During the summer, massive swaths of San Diego’s beaches have either “very good” or “excellent” water quality: from San Onofre to Windansea (except at Cardiff State Beach) and from Tourmaline Surf Park south to Imperial Beach.
San Diego County escaped the organization’s list of dirtiest beaches. In 2005, Heal the Bay declared the beaches between Imperial Beach and the U.S.-Mexico border as having the state’s worst water quality. But that doesn’t mean the IB’s water is clean. The beaches there were closed 198 days last year because of high levels of bacteria in the water — the result of raw sewage washing down from Tijuana’s homes that lack proper plumbing. (Heal the Bay’s report covers April 2006 to March 2007.)
Seven of the 10 dirtiest beaches are in Los Angeles County, the report says. The others are in Sonoma, Santa Barbara and San Mateo counties.

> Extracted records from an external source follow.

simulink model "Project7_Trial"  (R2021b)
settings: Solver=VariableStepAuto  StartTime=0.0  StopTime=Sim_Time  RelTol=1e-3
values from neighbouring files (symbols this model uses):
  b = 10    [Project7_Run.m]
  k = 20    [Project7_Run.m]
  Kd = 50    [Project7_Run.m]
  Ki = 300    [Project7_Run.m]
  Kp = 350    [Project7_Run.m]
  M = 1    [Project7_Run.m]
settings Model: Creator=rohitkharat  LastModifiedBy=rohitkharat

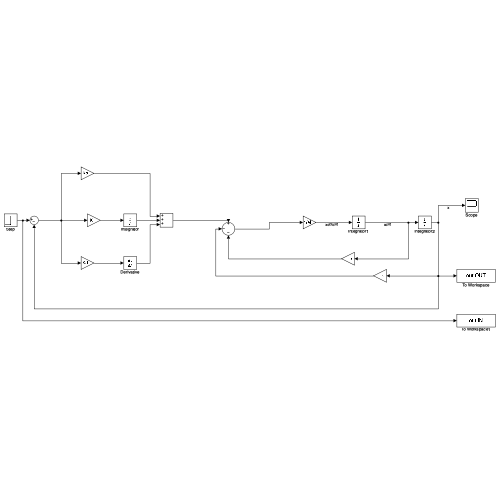
[thumbnail: Simulink's stored preview of the top-level diagram]
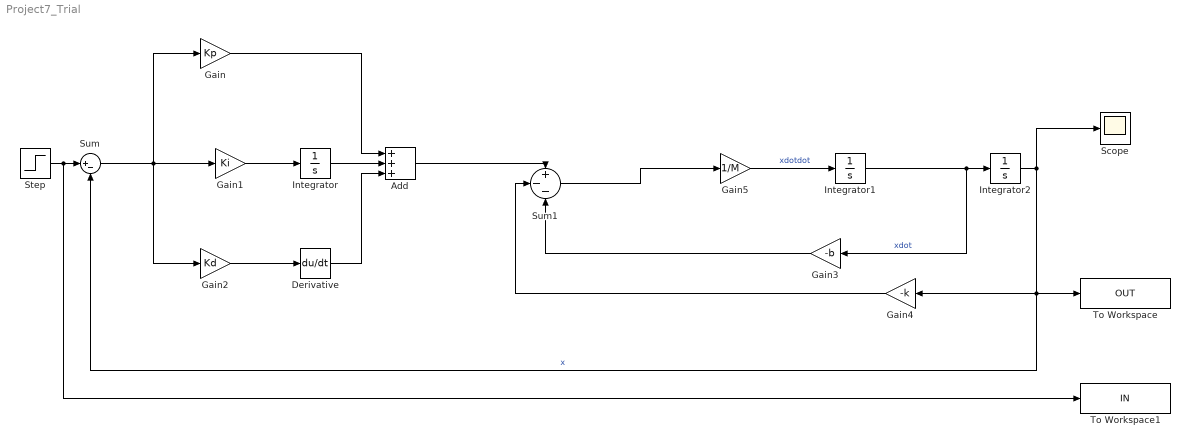
== system Project7_Trial ==
  Add : Sum  Inputs=+++
  Derivative : Derivative
  Gain : Gain  Gain=Kp
  Gain1 : Gain  Gain=Ki
  Gain2 : Gain  Gain=Kd
  Gain3 : Gain  Gain=-b
  Gain4 : Gain  Gain=-k
  Gain5 : Gain  Gain=1/M
  Integrator : Integrator
  Integrator1 : Integrator
  Integrator2 : Integrator
  Scope : Scope
  Step : Step  SampleTime=0
  Sum : Sum  Inputs=|+-
  Sum1 : Sum  Inputs=+--
  To Workspace : ToWorkspace  VariableName=OUT  SaveFormat=Timeseries  SampleTime=-1
  To Workspace1 : ToWorkspace  VariableName=IN  SaveFormat=Timeseries  SampleTime=-1
  wires:
  Sum/1 -> Gain2/1, Gain1/1, Gain/1
  Gain/1 -> Add/1
  Derivative/1 -> Add/3
  Gain1/1 -> Integrator/1
  Integrator/1 -> Add/2
  Gain2/1 -> Derivative/1
  Step/1 -> To Workspace1/1, Sum/1
  Gain4/1 -> Sum1/2
  Gain3/1 -> Sum1/3
  Integrator2/1 -> To Workspace/1, Gain4/1, Sum/2, Scope/1  "x"
  Integrator1/1 -> Gain3/1, Integrator2/1  "xdot"
  Gain5/1 -> Integrator1/1  "xdotdot"
  Sum1/1 -> Gain5/1
  Add/1 -> Sum1/1

The report does acknowledge the sewage that impacts Imperial Beach’s shoreline, pointing out that the county officials who monitor water quality are collecting half as many samples (two) from the area than they once did (four), giving an “incomplete picture” of water quality. The county says that sewage plume monitoring dampens the need to monitor as much.
Several parts of coastline received bad scores. The San Elijo Lagoon outlet at Cardiff, P.B. Point in Pacific Beach and Tijuana Slough National Wildlife Refuge all received Ds. Bayside Park in the San Diego Bay and the Visitor’s Center and Bahia Point in Mission Bay received Fs.